> **Records for the task**

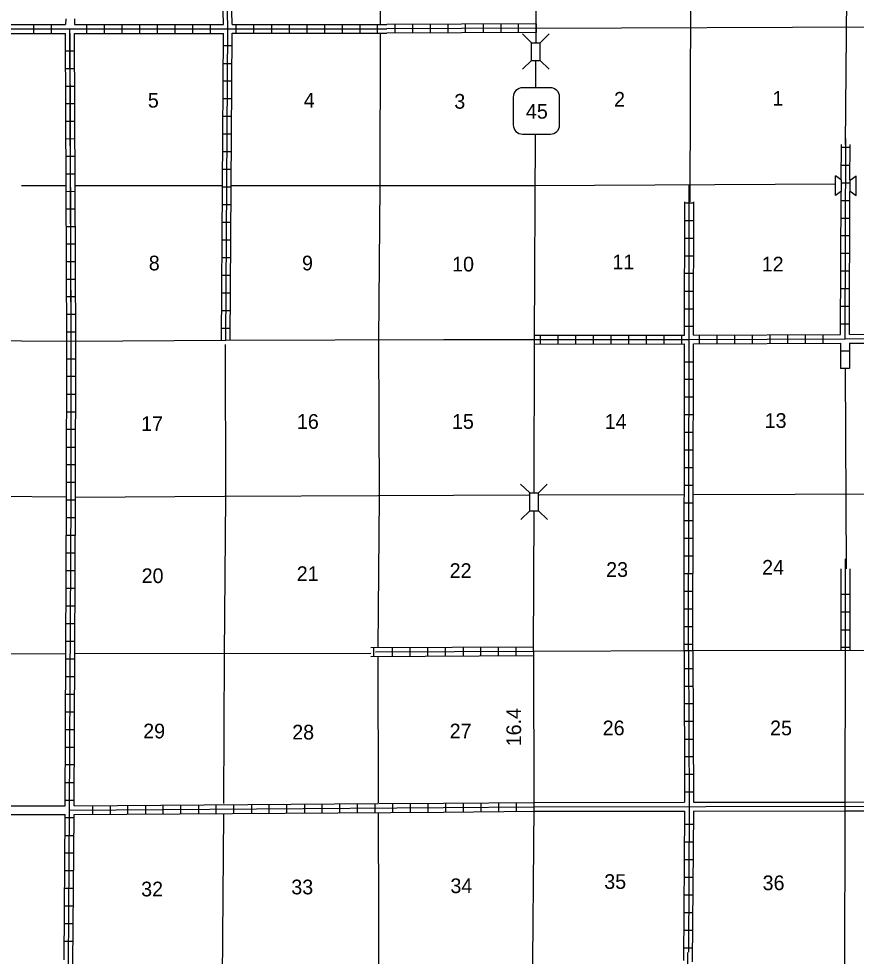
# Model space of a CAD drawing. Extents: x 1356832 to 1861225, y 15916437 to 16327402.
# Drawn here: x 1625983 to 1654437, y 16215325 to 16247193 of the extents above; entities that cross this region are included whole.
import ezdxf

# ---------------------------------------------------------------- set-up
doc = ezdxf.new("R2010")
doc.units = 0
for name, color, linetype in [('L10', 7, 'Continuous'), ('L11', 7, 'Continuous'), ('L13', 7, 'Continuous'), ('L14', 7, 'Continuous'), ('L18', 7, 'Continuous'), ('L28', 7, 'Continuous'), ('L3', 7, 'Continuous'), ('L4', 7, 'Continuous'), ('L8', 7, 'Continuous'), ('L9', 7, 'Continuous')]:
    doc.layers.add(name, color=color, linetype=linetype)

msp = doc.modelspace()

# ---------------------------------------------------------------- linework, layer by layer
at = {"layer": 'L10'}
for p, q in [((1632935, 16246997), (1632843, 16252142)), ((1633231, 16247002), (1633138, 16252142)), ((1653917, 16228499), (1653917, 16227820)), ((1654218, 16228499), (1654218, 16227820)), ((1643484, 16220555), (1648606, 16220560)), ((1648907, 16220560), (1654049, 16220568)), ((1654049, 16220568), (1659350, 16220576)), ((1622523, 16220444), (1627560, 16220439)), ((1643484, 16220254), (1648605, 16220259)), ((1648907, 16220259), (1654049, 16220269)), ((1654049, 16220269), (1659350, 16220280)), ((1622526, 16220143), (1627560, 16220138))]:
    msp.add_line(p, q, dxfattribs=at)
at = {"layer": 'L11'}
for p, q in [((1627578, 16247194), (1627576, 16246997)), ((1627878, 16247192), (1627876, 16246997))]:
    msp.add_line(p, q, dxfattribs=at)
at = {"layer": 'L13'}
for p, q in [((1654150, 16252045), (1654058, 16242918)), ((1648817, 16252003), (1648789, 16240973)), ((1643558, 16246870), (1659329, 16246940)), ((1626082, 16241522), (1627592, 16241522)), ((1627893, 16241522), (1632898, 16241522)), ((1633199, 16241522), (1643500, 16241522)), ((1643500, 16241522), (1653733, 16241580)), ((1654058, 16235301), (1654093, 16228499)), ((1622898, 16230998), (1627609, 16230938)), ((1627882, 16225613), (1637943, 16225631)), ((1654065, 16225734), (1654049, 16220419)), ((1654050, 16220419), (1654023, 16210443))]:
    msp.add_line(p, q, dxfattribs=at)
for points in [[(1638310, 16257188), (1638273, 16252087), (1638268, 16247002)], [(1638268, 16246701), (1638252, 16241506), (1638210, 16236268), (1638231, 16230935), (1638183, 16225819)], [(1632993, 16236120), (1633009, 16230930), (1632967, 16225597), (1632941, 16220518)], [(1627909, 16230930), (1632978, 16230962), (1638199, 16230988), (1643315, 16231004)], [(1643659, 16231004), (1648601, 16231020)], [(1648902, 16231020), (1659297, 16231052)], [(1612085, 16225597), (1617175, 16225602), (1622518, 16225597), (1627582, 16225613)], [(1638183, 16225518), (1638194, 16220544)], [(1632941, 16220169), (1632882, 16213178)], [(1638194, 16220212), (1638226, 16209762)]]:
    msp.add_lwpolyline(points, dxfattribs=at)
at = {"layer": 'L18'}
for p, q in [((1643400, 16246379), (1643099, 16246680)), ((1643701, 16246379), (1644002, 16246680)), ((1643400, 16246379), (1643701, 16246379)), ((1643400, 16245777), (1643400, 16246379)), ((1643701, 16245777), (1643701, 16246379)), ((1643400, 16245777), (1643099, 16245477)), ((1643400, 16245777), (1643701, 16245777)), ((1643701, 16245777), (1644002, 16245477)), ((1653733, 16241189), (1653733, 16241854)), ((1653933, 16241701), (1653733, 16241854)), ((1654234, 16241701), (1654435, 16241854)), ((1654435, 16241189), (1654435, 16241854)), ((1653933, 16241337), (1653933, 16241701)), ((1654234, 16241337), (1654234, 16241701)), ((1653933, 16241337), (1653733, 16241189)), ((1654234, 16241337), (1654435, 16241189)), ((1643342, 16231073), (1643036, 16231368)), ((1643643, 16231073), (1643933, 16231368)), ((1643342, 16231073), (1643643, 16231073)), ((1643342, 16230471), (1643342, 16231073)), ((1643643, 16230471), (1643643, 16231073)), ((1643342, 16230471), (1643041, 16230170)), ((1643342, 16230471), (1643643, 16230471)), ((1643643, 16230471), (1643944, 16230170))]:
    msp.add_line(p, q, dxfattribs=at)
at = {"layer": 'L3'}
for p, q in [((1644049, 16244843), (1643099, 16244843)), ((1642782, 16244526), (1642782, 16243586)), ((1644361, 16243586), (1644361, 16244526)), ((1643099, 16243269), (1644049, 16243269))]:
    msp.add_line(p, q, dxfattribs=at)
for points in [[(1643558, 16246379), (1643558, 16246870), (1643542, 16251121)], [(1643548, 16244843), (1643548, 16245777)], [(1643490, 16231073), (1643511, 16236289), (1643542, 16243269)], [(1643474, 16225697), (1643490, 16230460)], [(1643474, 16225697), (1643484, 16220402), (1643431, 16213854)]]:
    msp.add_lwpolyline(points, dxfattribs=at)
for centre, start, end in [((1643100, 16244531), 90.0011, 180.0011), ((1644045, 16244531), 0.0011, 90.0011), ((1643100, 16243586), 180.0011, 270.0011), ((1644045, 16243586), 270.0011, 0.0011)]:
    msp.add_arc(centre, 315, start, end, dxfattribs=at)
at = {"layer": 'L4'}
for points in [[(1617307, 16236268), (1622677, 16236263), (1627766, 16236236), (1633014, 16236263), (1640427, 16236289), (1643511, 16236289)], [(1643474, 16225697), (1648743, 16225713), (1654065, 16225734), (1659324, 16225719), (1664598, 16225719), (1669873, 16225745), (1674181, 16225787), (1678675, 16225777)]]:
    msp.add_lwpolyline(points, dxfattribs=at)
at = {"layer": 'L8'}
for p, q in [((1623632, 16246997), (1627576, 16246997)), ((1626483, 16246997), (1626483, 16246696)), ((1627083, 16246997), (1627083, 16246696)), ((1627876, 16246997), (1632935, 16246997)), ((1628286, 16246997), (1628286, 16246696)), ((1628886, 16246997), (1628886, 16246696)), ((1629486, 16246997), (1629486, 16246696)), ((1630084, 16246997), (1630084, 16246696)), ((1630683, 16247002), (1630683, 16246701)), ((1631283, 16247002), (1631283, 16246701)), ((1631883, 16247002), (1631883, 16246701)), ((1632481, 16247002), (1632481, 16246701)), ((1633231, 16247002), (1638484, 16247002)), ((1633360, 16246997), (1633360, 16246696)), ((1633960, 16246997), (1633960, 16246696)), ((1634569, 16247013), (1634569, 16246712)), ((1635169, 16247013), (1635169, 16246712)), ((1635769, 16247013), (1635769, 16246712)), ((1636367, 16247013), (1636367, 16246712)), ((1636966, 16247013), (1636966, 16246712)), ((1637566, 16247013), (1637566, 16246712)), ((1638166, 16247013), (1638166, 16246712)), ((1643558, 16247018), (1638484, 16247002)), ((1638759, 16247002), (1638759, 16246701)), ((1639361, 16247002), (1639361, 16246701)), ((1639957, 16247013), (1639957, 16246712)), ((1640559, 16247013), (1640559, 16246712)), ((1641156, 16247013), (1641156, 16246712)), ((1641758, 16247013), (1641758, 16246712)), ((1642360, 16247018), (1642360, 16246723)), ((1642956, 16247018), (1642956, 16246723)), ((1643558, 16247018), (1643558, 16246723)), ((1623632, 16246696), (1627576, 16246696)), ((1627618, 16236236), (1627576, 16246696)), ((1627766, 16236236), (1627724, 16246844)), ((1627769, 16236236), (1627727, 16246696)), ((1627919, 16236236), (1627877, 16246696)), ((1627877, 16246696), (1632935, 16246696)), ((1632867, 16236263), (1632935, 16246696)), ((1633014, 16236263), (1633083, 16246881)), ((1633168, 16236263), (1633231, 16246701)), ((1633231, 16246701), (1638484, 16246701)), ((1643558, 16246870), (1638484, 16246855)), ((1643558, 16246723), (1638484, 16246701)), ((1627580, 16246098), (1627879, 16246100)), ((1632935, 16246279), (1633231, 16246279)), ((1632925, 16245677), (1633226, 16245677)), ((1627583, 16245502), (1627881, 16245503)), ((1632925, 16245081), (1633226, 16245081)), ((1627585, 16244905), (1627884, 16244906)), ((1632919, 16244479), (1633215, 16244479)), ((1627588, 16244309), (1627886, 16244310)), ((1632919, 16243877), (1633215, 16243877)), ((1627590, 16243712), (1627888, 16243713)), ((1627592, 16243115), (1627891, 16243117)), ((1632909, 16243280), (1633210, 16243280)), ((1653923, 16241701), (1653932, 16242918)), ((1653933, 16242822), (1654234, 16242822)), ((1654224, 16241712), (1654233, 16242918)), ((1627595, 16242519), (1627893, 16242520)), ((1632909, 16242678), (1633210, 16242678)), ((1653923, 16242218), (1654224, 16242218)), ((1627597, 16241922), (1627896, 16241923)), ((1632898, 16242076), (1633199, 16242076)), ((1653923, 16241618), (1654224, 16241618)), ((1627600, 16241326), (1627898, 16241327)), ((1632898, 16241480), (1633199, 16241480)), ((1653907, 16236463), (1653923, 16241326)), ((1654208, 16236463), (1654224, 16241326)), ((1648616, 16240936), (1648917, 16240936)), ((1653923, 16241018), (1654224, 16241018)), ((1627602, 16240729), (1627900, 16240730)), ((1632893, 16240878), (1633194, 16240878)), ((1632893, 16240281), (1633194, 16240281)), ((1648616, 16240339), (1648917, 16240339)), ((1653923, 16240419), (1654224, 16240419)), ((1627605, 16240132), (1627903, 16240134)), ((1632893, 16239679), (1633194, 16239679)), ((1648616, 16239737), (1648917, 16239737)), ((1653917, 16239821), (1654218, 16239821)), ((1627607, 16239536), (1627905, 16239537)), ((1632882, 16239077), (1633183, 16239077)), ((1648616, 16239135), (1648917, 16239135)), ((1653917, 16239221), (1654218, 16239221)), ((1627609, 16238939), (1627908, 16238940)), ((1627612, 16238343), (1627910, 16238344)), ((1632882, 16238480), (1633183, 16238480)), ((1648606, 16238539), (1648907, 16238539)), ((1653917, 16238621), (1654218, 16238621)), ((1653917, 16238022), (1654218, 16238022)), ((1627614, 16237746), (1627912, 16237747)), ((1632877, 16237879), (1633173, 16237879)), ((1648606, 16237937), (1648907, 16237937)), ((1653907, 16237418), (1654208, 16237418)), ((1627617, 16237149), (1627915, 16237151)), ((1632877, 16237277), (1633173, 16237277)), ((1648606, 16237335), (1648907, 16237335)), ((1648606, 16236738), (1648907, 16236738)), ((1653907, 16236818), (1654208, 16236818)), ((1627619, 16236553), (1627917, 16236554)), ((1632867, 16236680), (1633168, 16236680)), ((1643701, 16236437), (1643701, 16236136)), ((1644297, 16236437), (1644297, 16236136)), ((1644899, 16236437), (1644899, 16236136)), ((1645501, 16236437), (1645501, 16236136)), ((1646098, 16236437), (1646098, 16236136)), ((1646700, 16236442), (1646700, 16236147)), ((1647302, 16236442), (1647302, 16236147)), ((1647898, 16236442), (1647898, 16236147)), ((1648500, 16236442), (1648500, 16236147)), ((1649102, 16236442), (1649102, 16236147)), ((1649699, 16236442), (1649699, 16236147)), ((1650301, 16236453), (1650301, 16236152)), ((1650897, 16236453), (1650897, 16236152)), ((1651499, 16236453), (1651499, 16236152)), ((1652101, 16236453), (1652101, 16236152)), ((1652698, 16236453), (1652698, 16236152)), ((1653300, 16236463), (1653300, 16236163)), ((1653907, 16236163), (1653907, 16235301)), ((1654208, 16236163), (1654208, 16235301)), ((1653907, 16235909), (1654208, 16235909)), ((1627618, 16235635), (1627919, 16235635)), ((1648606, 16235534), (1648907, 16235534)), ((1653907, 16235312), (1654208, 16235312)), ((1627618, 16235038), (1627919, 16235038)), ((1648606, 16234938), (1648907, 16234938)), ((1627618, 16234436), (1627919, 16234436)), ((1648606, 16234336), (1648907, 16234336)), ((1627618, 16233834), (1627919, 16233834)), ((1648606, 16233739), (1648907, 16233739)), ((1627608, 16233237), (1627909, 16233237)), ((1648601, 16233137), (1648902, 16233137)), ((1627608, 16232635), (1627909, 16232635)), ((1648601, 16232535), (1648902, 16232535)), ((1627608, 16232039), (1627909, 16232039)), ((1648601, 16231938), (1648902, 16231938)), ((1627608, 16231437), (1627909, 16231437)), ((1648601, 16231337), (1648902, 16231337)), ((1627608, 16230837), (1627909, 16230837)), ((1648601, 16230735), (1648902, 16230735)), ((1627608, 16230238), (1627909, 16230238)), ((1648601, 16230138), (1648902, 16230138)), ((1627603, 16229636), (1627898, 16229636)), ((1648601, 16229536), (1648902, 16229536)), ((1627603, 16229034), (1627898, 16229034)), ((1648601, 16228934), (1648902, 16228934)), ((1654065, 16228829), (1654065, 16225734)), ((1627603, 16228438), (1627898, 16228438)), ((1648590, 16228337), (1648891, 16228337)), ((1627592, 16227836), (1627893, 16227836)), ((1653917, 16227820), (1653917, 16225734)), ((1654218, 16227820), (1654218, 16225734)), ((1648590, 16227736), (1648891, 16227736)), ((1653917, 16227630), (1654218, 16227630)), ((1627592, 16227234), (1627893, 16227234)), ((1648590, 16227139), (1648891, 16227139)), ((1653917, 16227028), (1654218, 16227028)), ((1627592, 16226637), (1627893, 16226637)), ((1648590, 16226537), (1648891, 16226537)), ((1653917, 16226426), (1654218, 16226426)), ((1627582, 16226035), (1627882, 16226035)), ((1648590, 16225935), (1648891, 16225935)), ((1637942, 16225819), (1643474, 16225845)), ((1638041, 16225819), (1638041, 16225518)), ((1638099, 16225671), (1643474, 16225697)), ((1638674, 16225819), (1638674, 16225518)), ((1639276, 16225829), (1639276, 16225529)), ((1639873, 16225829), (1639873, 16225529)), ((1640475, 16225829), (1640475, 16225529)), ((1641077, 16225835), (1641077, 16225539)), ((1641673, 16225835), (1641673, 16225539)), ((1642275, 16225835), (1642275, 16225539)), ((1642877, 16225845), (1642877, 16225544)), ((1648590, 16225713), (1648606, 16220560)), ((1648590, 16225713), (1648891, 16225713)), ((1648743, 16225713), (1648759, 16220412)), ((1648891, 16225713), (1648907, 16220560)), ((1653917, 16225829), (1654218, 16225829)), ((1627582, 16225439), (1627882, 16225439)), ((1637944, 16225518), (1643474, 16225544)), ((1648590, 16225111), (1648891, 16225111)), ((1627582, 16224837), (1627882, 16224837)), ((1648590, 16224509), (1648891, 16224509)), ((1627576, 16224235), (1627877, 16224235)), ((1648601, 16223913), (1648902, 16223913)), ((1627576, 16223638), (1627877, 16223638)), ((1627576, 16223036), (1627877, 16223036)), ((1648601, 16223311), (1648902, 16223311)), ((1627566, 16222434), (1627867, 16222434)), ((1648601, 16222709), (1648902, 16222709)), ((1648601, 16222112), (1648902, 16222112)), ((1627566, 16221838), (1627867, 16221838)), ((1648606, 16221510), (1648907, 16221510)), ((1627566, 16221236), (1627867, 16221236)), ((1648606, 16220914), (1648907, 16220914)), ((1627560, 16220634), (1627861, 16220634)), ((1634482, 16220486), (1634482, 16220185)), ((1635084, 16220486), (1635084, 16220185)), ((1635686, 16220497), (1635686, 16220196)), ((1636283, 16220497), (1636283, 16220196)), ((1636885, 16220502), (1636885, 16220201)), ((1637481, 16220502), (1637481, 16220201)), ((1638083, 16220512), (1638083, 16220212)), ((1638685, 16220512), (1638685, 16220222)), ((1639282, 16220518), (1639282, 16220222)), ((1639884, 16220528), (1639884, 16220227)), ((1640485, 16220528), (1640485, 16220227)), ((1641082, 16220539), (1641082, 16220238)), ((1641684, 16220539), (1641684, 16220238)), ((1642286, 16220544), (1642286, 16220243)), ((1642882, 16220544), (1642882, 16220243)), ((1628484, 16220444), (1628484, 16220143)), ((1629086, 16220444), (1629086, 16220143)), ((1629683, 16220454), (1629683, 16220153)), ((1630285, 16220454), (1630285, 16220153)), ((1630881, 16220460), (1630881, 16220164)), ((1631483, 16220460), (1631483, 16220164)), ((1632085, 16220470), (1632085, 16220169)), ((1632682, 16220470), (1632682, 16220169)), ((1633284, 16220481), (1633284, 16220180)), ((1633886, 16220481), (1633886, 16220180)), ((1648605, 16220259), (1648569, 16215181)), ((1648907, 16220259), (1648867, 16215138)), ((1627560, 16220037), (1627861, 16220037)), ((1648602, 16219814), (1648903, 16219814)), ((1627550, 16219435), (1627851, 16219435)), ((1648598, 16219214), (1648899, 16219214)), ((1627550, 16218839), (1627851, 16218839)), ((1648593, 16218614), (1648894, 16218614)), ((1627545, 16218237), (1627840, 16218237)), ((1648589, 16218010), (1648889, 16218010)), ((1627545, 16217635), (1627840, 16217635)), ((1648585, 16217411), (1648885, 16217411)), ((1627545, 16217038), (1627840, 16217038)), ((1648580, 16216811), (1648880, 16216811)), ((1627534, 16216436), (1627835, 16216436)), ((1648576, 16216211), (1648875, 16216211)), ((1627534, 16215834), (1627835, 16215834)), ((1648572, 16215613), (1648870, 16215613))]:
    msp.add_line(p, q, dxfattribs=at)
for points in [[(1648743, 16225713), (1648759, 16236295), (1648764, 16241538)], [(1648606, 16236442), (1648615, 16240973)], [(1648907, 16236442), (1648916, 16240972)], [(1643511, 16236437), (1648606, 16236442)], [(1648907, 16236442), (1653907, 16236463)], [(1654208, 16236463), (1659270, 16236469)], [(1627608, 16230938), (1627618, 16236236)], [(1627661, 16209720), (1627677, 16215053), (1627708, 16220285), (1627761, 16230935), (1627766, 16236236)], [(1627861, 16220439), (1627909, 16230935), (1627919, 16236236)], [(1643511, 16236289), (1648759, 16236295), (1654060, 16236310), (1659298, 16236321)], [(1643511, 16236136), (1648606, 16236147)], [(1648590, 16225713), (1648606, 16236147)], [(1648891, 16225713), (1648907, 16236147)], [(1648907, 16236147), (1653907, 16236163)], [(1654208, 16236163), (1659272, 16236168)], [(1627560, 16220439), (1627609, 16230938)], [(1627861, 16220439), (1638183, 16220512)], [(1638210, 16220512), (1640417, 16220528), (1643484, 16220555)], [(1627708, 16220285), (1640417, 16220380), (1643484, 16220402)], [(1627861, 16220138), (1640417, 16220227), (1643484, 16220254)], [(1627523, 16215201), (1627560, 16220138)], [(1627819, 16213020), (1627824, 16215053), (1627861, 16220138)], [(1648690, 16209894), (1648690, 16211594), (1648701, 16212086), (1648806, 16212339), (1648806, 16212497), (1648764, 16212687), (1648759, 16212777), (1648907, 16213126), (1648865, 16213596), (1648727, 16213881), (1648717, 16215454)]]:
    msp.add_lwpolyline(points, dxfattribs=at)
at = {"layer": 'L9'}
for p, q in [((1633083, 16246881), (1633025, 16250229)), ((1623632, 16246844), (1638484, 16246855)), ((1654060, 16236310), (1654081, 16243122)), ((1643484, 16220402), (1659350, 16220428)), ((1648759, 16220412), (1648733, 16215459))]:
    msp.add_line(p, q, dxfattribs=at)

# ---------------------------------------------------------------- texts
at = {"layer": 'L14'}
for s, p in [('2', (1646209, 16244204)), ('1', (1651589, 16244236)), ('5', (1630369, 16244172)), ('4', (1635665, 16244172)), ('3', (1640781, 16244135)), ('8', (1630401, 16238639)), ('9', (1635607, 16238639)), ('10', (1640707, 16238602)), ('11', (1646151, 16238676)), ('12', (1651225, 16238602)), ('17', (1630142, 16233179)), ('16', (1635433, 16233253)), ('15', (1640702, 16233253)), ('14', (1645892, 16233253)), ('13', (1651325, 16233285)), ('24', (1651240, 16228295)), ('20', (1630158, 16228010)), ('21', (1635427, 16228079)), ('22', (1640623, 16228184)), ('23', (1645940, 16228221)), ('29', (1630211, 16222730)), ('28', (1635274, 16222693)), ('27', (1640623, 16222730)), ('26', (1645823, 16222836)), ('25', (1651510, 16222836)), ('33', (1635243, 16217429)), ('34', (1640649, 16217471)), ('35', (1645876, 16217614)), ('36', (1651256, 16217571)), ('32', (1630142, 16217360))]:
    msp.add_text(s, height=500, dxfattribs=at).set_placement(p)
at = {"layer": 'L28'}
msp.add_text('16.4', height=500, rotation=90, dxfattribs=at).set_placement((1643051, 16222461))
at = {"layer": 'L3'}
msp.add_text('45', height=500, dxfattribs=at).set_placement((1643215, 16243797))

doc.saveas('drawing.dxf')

> **Requirement**
Across the listing, tally every line that includes the word "start" and supply the total alone.

> **Output of the exercise**
2